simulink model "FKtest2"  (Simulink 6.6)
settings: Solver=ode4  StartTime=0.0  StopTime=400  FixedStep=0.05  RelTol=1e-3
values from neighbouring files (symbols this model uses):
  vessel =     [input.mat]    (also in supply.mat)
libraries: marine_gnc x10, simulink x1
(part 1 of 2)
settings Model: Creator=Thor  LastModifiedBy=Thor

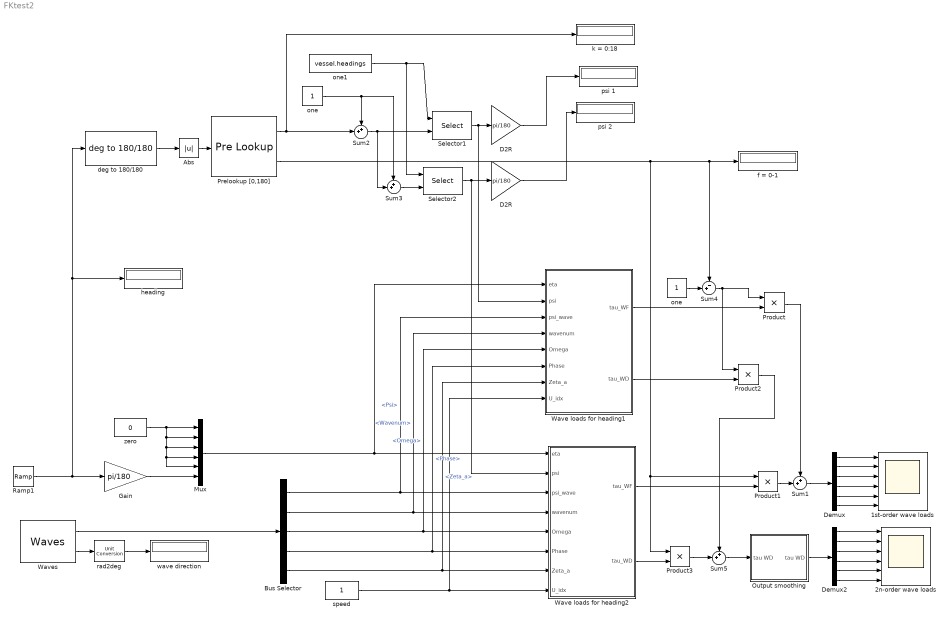
== system FKtest2 ==
  "1st-order wave loads " : Scope  NumInputPorts=6
      settings: TimeRange=100  YMin=-4e+006~-7.5e+006~-2e+007~-1e+007~-3.5e+008~-7.5e+007  YMax=4e+006~1e+007~2e+007~1e+007~3e+008~7.5e+007
  2n-order wave loads : Scope  NumInputPorts=6
      settings: TimeRange=400  YMin=-50000~-250000~-1~-1~-1~-900000  YMax=20000~25000~1~1~1~100000
  Abs : Abs  SaturateOnIntegerOverflow=on
  Bus Selector : BusSelector  OutputSignals=Psi,Wavenum,Omega,Phase,Zeta_a
  D2R : Gain  Gain=pi/180
  "D2R " : Gain  Gain=pi/180
  Demux : Demux  Outputs=6
  Demux2 : Demux  Outputs=6
  Gain : Gain  Gain=pi/180
  Mux : Mux  Inputs=6
  Output smoothing : Subsystem
  Prelookup [0,180] : PreLookup  BreakpointsData=[0:10:180]  IndexSearchMethod=Evenly spaced points  BeginIndexSearchUsingPreviousIndexResult=on
  Product{,1..3} (4 alike) : Product  RndMeth=Zero
  Ramp1 : simulink/Sources/Ramp  SystemSampleTime=-1  slope=1  start=0  X0=0
  Selector1 : Selector  IndexOptions=Index vector (port)  Indices=[1 3]  OutputSizes=1
  Selector2 : Selector  IndexOptions=Index vector (port)  Indices=[1 3]  OutputSizes=1
  Sum{1..3,5} (4 alike) : Sum  Inputs=++|
  Sum4 : Sum  Inputs=-+|
  Wave loads for heading1 : Subsystem  AncestorBlock=marine_gnc/Models/Environmental Loads/Force RAO  mask(Force RAO){ForceRAO_Freq=vessel.forceRAO.w, WD_Freq=vessel.driftfrc.w, RAO_Dir=vessel.headings, RAO_Vel=vessel.velocities, ForceRAO_Amp=vessel.forceRAO.amp, ForceRAO_Phase=vessel.forceRAO.phase, WD_Amp=vessel.driftfrc.amp, RAO_add_omega_0=off, RAO_add_omega_inf=off, RAO_speed_backlash_flag=off, RAO_speed_back=1}
      mask prompts: ForceRAO_Freq "Vector of frequencies ForceRAO_Freq (rad/s)"; WD_Freq "Vector of frequencies WD_Freq (rad/s)"; RAO_Dir "Vector of directions RAO_Dir (rad)"; RAO_Vel "Vector of velocities RAO_Vel (m/s)"; ForceRAO_Amp "6DOF Cell array with tables of Amplitudes ForceRAO_Amp"; ForceRAO_Phase "6DOF Cell array with tables of Phases ForceRAO_Phase (rad)"; WD_Amp "6DOF Cell array with tables of Amplitudes WD_Amp"; RAO_add_omega_0 "Add asymptotic RAO values for omega = 0"; RAO_add_omega_inf "Add asymptotic RAO values for omega = inf"; RAO_speed_backlash_flag "Speed lookup backlash (avoid rapid speed data switching)"; RAO_speed_back "Speed backlash widht [m/s]"
      mask help:
      | Calculate the 6 degrees-of-freedom (DOF) wave-frequency excitation forces Tau_WF for a vessel from its Force Response Amplitude Operators (Force RAOs) and a sea state defined by a set of harmonic waves. The block takes the "Waves" bus from the MSS Waves block as input, as well as the vessel low-frequency (LF) motion in terms of the generalized position vector eta_LF and mean surge velocity U. See help for details.
      |
      | Copyright (C) NTNU 2005
      | Author: Oyvind N. Smogeli, 2005-05-03
      mask init:
      | % Add RAO values for zero frequency: use values for lowest given frequency
      | if RAO_add_omega_0 > 0
      | 	
      | 	if min(ForceRAO_Freq) > 0
      | 				
      | 		ForceRAO_Freq = [0 ForceRAO_Freq];
      | 		for dofno = 1:6
      | 			ForceRAO_Amp{dofno}   = [ForceRAO_Amp{dofno}(1,:,:);   ForceRAO_Amp{dofno}];
      | 			ForceRAO_Phase{dofno} = [ForceRAO_Phase{dofno}(1,:,:); ForceRAO_Phase{dofno}];
      |         end
      | 
      |     end
      |     
      | 	if min(WD_Freq) > 0
      |         
      | 		WD_Freq = [0 WD_Freq];
      | 		for dofno = 1:3
      | 			WD_Amp{dofno} = [WD_Amp{dofno}(1,:,:); WD_Amp{dofno}];
      | 		end        
      |         
      | 	end
      | 	
      | end
      | 
      | % Add RAO values for high frequency: use values for highest given frequency
      | maxfreq = 100;
      | if RAO_add_omega_inf > 0
      | 
      | 	if max(ForceRAO_Freq) < maxfreq
      | 			
      | 		newfreq = 2*max(ForceRAO_Freq) - ForceRAO_Freq(length(ForceRAO_Freq)-1);
      | 		
      | 		ForceRAO_Freq = [ForceRAO_Freq newfreq maxfreq];
      | 		for dofno = 1:6
      | 			ForceRAO_Amp{dofno}   = [ForceRAO_Amp{dofno};   zeros(2, length(RAO_Dir), 10)];
      | 			ForceRAO_Phase{dofno} = [ForceRAO_Phase{dofno}; zeros(2, length(RAO_Dir), 10)];
      | 		end
      | 		
      |     end
      | 
      | 	if max(WD_Freq) < maxfreq
      | 			
      | 		newfreq = 2*max(WD_Freq) - WD_Freq(length(WD_Freq)-1);
      | 		
      | 		WD_Freq = [WD_Freq newfreq maxfreq];
      | 		for dofno = 1:3
      | 			WD_Amp{dofno} = [WD_Amp{dofno}; zeros(2, length(RAO_Dir), 10)];
      | 		end
      | 		
      |     end
      |     
      | end
      mask Help:
      | <b>Part of the Marine Systems Simulator: MSS</b><br>
      | <br>
      | Calculate the 6 degrees-of-freedom (DOF) wave-frequency excitation forces Tau_WF
      | for a vessel from its Force Response Amplitude Operators (Force RAOs) and a sea
      | state defined by a set of harmonic waves. The block takes the &quot;Waves&quot; bus from
      | the MSS Waves block as input, as well as the vessel low-frequency (LF) motion in
      | terms of the generalized position vector eta_LF and mean surge velocity U.<p>The Force RAOs are defined in terms of a
      | vector of frequencies (RAO_Freq), a vector of directions (RAO_Dir), a vector of
      | velocities (RAO_Dir), a 6DOF cell array of 3D matrices with amplitudes
      | (RAO_Amp), and a 6DOF cell array of 3D matrices with phases (RAO_Phase), which
      | are all input in the block mask. The first dimension of the 3D matrices
      | corresponds to the frequencies, the second to the directions, and the third to
      | the velocities, such that e.g. the amplitude amp in heave (DOF #3) for frequency
      | number n_f, direction number n_d and velocity number n_v can be found from a =
      | RAO_Amp{3}(n_f, n_d, n_v).</p>
      | <p><b>Inputs:</b></p>
      | <p>Waves:&nbsp;&nbsp;&nbsp;&nbsp;&nbsp;&nbsp;&nbsp;&nbsp;&nbsp;&nbsp;&nbsp; Bus
      | containing the following signals<br>
      | &nbsp;&nbsp;&nbsp; Zeta_a:&nbsp;&nbsp;&nbsp;&nbsp;&nbsp;&nbsp;&nbsp; Vector of harmonic wave amplitudes [m]<br>
      | &nbsp;&nbsp;&nbsp; Omega:&nbsp;&nbsp;&nbsp;&nbsp;&nbsp;&nbsp; Vector of harmonic wave frequencies [rad/s]<br>
      | &nbsp;&nbsp;&nbsp; Phase:&nbsp;&nbsp;&nbsp;&nbsp;&nbsp;&nbsp;&nbsp;&nbsp; Vector of harmonic wave phases (random) [rad]<br>
      | &nbsp;&nbsp;&nbsp; Wavenum:&nbsp;&nbsp;&nbsp; Vector of harmonic wave numbers [1/m]<br>
      | &nbsp;&nbsp;&nbsp; Psi:&nbsp;&nbsp;&nbsp;&nbsp;&nbsp;&nbsp;&nbsp;&nbsp;&nbsp;&nbsp;&nbsp;&nbsp;&nbsp; Vector of harmonic wave directions [rad]</p>
      | <p>eta_LF:&nbsp;&nbsp;&nbsp;&nbsp;&nbsp;&nbsp;&nbsp;&nbsp;&nbsp;&nbsp;&nbsp;
      | Generalized 6DOF n-frame low-frequency position vector [x (m), y (m), z (m),
      | theta (rad), phi (rad), psi (rad)]<br>
      | U:&nbsp;&nbsp;&nbsp;&nbsp;&nbsp;&nbsp;&nbsp;&nbsp;&nbsp;&nbsp;&nbsp;&nbsp;&nbsp;&nbsp;&nbsp;&nbsp;&nbsp;&nbsp;&nbsp;
      | Low-frequency (mean) surge velocity&nbsp; [m/s]</p>
      | <p><b>Outputs:</b></p>
      | <p>tau_WF:&nbsp;&nbsp;&nbsp;&nbsp;&nbsp;&nbsp;&nbsp;&nbsp;&nbsp; Generalized
      | 6DOF h-frame force vector [X (N), Y (N), Z (N), K (Nm), M (Nm), N (Nm)]</p>
      | <p><b>Model validity:</b></p>
      | <p>The validity of the block is dependent on the validity of the given
      | RAO data set.</p>
      | <p>A proper RAO to be used with this block should contain at least 1 velocity, 5
      | directions (e.g. 0, 45, 90, 135 and 180 degrees) and 10-20 frequencies, for all
      | 6 DOF (surge, sway, heave, roll, pitch, yaw).</p>
      | <p>The block performs linear interpolation in frequencies and directions, and
      | uses the data set for the velocity closest to the input velocity (i.e. 'nearest'
      | interpolation in velocity). If the block recieves an input wave frequency or relative
      | wave direction outside the span of the data vectors RAO_Freq or RAO_Dir
      | respectively, the simulation stops and an error is returned. This means that a well-defined
      | RAO must contain data for both 0 and 180 degrees, and for frequencies covering
      | the desired range of wave frequencies. If desired, asymptotic values can be
      | automatically added for zero and infinity frequency to avoid runtime errors if
      | the wave freqeuncy exceeds the values in RAO_Freq (see checkboxes in the mask). </p>
      | <p>IMPORTANT NOTE: The RAO theory upon which this block is based is in reality
      | only valid when the vessel low-frequency (h-frame) motion is a constant surge
      | velocity only, and the vessel is performing wave-frequency oscillations about
      | the steadily translating h-frame.This means that the outputs from the block when
      | manoeuvering -- i.e. changing the surge velocity and/or yaw angle -- must be
      | interpreted with some care. A jump in the output must be expected when changing
      | between two velocity data sets, and frequency warping expected when changing the
      | yaw angle (due to interpolation in the phase). It is therefore recommended to
      | use backlash on the input velocity to avoid transient switching, and a quantized
      | yaw angle with backlash. The latter will lead to jump in the ouput when the yaw
      | angle changes from one quantized value to another, but will give better results
      | when keeping within one quantizer interval. The quantized yaw angle with
      | backlash and velocity with backlash are available as options via checkboxes in
      | the mask. If either of these are activated, proper values for the yaw
      | quantization interval, yaw backlash width, and the the speed backlash width
      | respectively must be set. Typical values could be a yaw quantization interval of
      | 5 degrees, yaw backlash width of 1/4-1/5 of the quantization interval, and speed
      | backlash width of 1 m/s. To avoid the most rapid transients when switching
      | between data sets, output smoothing is available as an option in the mask. If
      | this is enabled, the output during a transent is rate limited according to the
      | fastest recorded signal rate during normal operation.</p>
      | <p><b>Example mask input:</b></p><p>
      | As an example, the format of the mask input for 2 velocities, 3 directions and 5
      | frequencies is as follows:<p>RAO_Freq = [f1 f2 f3 f4 f5]<br>
      | RAO_Dir = [d1 d2 d3]<br>
      | RAO_Vel = [v1 v2]<p>Surge:<br>
      | RAO_Amp{1}(:,:,1)&nbsp; = [a1_111 a1_121 a1_131; a1_211 a1_221 a1_231; a1_311
      | a1_321 a1_331; a1_411 a1_421 a1_431; a1_511 a1_521 a1_531]<br>
      | RAO_Amp{1}(:,:,2)&nbsp; = [a1_112 a1_122 a1_132; a1_212 a1_222 a1_232; a1_312
      | a1_322 a1_332; a1_412 a1_422 a1_432; a1_512 a1_522 a1_532]<br>
      | RAO_Phase{1}(:,:,1) = [p1_111 p1_121 p1_131; p1_211 p1_221 p1_231; p1_311 p1_321
      | p1_331; p1_411 p1_421 p1_431; p1_511 p1_521 p1_531]<br>
      | RAO_Phase{1}(:,:,2) = [p1_112 p1_122 p1_132; p1_212 p1_222 p1_232; p1_312 p1_322
      | p1_332; p1_412 p1_422 p1_432; p1_512 p1_522 p1_532]<p>Sway:<br>
      | RAO_Amp{2}(:,:,1)&nbsp; = [a2_111 a2_121 a2_131; a2_211 a2_221 a2_231; a2_311
      | a2_321 a2_331; a2_411 a2_421 a2_431; a2_511 a2_521 a2_531]<br>
      | RAO_Amp{2}(:,:,2)&nbsp; = [a2_112 a2_122 a2_132; a2_212 a2_222 a2_232; a2_312
      | a2_322 a2_332; a2_412 a2_422 a2_432; a2_512 a2_522 a2_532]<br>
      | RAO_Phase{2}(:,:,1) = [p2_111 p2_121 p2_131; p2_211 p2_221 p2_231; p2_311 p2_321
      | p2_331; p2_411 p2_421 p2_431; p2_511 p2_521 p2_531]<br>
      | RAO_Phase{2}(:,:,2) = [p2_112 p2_122 p2_132; p2_212 p2_222 p2_232; p2_312 p2_322
      | p2_332; p2_412 p2_422 p2_432; p2_512 p2_522 p2_532]<p>...<p>Yaw:<br>
      | RAO_Amp{6}(:,:,1)&nbsp; = [a6_111 a6_121 a6_131; a6_211 a6_221 a6_231; a6_311
      | a6_321 a6_331; a6_411 a6_421 a6_431; a6_511 a6_521 a6_531]<br>
      | RAO_Amp{6}(:,:,2)&nbsp; = [a6_112 a6_122 a6_132; a6_212 a6_222 a6_232; a6_312
      | a6_322 a6_332; a6_412 a6_422 a6_432; a6_512 a6_522 a6_532]<br>
      | RAO_Phase{6}(:,:,1) = [p6_111 p6_121 p6_131; p6_211 p6_221 p6_231; p6_311 p6_321
      | p6_331; p6_411 p6_421 p6_431; p6_511 p6_521 p6_531]<br>
      | RAO_Phase{6}(:,:,2) = [p6_112 p6_122 p6_132; p6_212 p6_222 p6_232; p6_312 p6_322
      | p6_332; p6_412 p6_422 p6_432; p6_512 p6_522 p6_532]<p>where now for example the
      | amplitude and phase in sway (DOF 2) for frequency f5, direction d3 and velocity
      | v1 are given by RAO_Amp{2}(5,3,1) = a2_531 and RAO_Phase{2}(5,3,1) = p2_531.<p>
      | <b>Copyright (C) NTNU 2005</b></p>
      | <p><b>Author:</b> Oyvind N. Smogeli, 2005-05-03</p>
  Wave loads for heading2 : Subsystem  AncestorBlock=marine_gnc/Models/Environmental Loads/Force RAO  mask(Force RAO){ForceRAO_Freq=vessel.forceRAO.w, WD_Freq=vessel.driftfrc.w, RAO_Dir=vessel.headings, RAO_Vel=vessel.velocities, ForceRAO_Amp=vessel.forceRAO.amp, ForceRAO_Phase=vessel.forceRAO.phase, WD_Amp=vessel.driftfrc.amp, RAO_add_omega_0=on, RAO_add_omega_inf=on, RAO_speed_backlash_flag=off, RAO_speed_back=1}
      mask prompts: ForceRAO_Freq "Vector of frequencies ForceRAO_Freq (rad/s)"; WD_Freq "Vector of frequencies WD_Freq (rad/s)"; RAO_Dir "Vector of directions RAO_Dir (rad)"; RAO_Vel "Vector of velocities RAO_Vel (m/s)"; ForceRAO_Amp "6DOF Cell array with tables of Amplitudes ForceRAO_Amp"; ForceRAO_Phase "6DOF Cell array with tables of Phases ForceRAO_Phase (rad)"; WD_Amp "6DOF Cell array with tables of Amplitudes WD_Amp"; RAO_add_omega_0 "Add asymptotic RAO values for omega = 0"; RAO_add_omega_inf "Add asymptotic RAO values for omega = inf"; RAO_speed_backlash_flag "Speed lookup backlash (avoid rapid speed data switching)"; RAO_speed_back "Speed backlash widht [m/s]"
      mask help:
      | Calculate the 6 degrees-of-freedom (DOF) wave-frequency excitation forces Tau_WF for a vessel from its Force Response Amplitude Operators (Force RAOs) and a sea state defined by a set of harmonic waves. The block takes the "Waves" bus from the MSS Waves block as input, as well as the vessel low-frequency (LF) motion in terms of the generalized position vector eta_LF and mean surge velocity U. See help for details.
      |
      | Copyright (C) NTNU 2005
      | Author: Oyvind N. Smogeli, 2005-05-03
      mask init: same as FKtest2/Wave loads for heading1
      mask Help:
      | <b>Part of the Marine Systems Simulator: MSS</b><br>
      | <br>
      | Calculate the 6 degrees-of-freedom (DOF) wave-frequency excitation forces Tau_WF
      | for a vessel from its Force Response Amplitude Operators (Force RAOs) and a sea
      | state defined by a set of harmonic waves. The block takes the &quot;Waves&quot; bus from
      | the MSS Waves block as input, as well as the vessel low-frequency (LF) motion in
      | terms of the generalized position vector eta_LF and mean surge velocity U.<p>The Force RAOs are defined in terms of a
      | vector of frequencies (RAO_Freq), a vector of directions (RAO_Dir), a vector of
      | velocities (RAO_Dir), a 6DOF cell array of 3D matrices with amplitudes
      | (RAO_Amp), and a 6DOF cell array of 3D matrices with phases (RAO_Phase), which
      | are all input in the block mask. The first dimension of the 3D matrices
      | corresponds to the frequencies, the second to the directions, and the third to
      | the velocities, such that e.g. the amplitude amp in heave (DOF #3) for frequency
      | number n_f, direction number n_d and velocity number n_v can be found from a =
      | RAO_Amp{3}(n_f, n_d, n_v).</p>
      | <p><b>Inputs:</b></p>
      | <p>Waves:&nbsp;&nbsp;&nbsp;&nbsp;&nbsp;&nbsp;&nbsp;&nbsp;&nbsp;&nbsp;&nbsp; Bus
      | containing the following signals<br>
      | &nbsp;&nbsp;&nbsp; Zeta_a:&nbsp;&nbsp;&nbsp;&nbsp;&nbsp;&nbsp;&nbsp; Vector of harmonic wave amplitudes [m]<br>
      | &nbsp;&nbsp;&nbsp; Omega:&nbsp;&nbsp;&nbsp;&nbsp;&nbsp;&nbsp; Vector of harmonic wave frequencies [rad/s]<br>
      | &nbsp;&nbsp;&nbsp; Phase:&nbsp;&nbsp;&nbsp;&nbsp;&nbsp;&nbsp;&nbsp;&nbsp; Vector of harmonic wave phases (random) [rad]<br>
      | &nbsp;&nbsp;&nbsp; Wavenum:&nbsp;&nbsp;&nbsp; Vector of harmonic wave numbers [1/m]<br>
      | &nbsp;&nbsp;&nbsp; Psi:&nbsp;&nbsp;&nbsp;&nbsp;&nbsp;&nbsp;&nbsp;&nbsp;&nbsp;&nbsp;&nbsp;&nbsp;&nbsp; Vector of harmonic wave directions [rad]</p>
      | <p>eta_LF:&nbsp;&nbsp;&nbsp;&nbsp;&nbsp;&nbsp;&nbsp;&nbsp;&nbsp;&nbsp;&nbsp;
      | Generalized 6DOF n-frame low-frequency position vector [x (m), y (m), z (m),
      | theta (rad), phi (rad), psi (rad)]<br>
      | U:&nbsp;&nbsp;&nbsp;&nbsp;&nbsp;&nbsp;&nbsp;&nbsp;&nbsp;&nbsp;&nbsp;&nbsp;&nbsp;&nbsp;&nbsp;&nbsp;&nbsp;&nbsp;&nbsp;
      | Low-frequency (mean) surge velocity&nbsp; [m/s]</p>
      | <p><b>Outputs:</b></p>
      | <p>tau_WF:&nbsp;&nbsp;&nbsp;&nbsp;&nbsp;&nbsp;&nbsp;&nbsp;&nbsp; Generalized
      | 6DOF h-frame force vector [X (N), Y (N), Z (N), K (Nm), M (Nm), N (Nm)]</p>
      | <p><b>Model validity:</b></p>
      | <p>The validity of the block is dependent on the validity of the given
      | RAO data set.</p>
      | <p>A proper RAO to be used with this block should contain at least 1 velocity, 5
      | directions (e.g. 0, 45, 90, 135 and 180 degrees) and 10-20 frequencies, for all
      | 6 DOF (surge, sway, heave, roll, pitch, yaw).</p>
      | <p>The block performs linear interpolation in frequencies and directions, and
      | uses the data set for the velocity closest to the input velocity (i.e. 'nearest'
      | interpolation in velocity). If the block recieves an input wave frequency or relative
      | wave direction outside the span of the data vectors RAO_Freq or RAO_Dir
      | respectively, the simulation stops and an error is returned. This means that a well-defined
      | RAO must contain data for both 0 and 180 degrees, and for frequencies covering
      | the desired range of wave frequencies. If desired, asymptotic values can be
      | automatically added for zero and infinity frequency to avoid runtime errors if
      | the wave freqeuncy exceeds the values in RAO_Freq (see checkboxes in the mask). </p>
      | <p>IMPORTANT NOTE: The RAO theory upon which this block is based is in reality
      | only valid when the vessel low-frequency (h-frame) motion is a constant surge
      | velocity only, and the vessel is performing wave-frequency oscillations about
      | the steadily translating h-frame.This means that the outputs from the block when
      | manoeuvering -- i.e. changing the surge velocity and/or yaw angle -- must be
      | interpreted with some care. A jump in the output must be expected when changing
      | between two velocity data sets, and frequency warping expected when changing the
      | yaw angle (due to interpolation in the phase). It is therefore recommended to
      | use backlash on the input velocity to avoid transient switching, and a quantized
      | yaw angle with backlash. The latter will lead to jump in the ouput when the yaw
      | angle changes from one quantized value to another, but will give better results
      | when keeping within one quantizer interval. The quantized yaw angle with
      | backlash and velocity with backlash are available as options via checkboxes in
      | the mask. If either of these are activated, proper values for the yaw
      | quantization interval, yaw backlash width, and the the speed backlash width
      | respectively must be set. Typical values could be a yaw quantization interval of
      | 5 degrees, yaw backlash width of 1/4-1/5 of the quantization interval, and speed
      | backlash width of 1 m/s. To avoid the most rapid transients when switching
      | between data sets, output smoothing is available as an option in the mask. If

::::::

● **YOUR ASSIGNMENT**
Every line of the material that includes the word "alike" needs to be copied.

● **SOLUTION**
  Product{,1..3} (4 alike) : Product  RndMeth=Zero
  Sum{1..3,5} (4 alike) : Sum  Inputs=++|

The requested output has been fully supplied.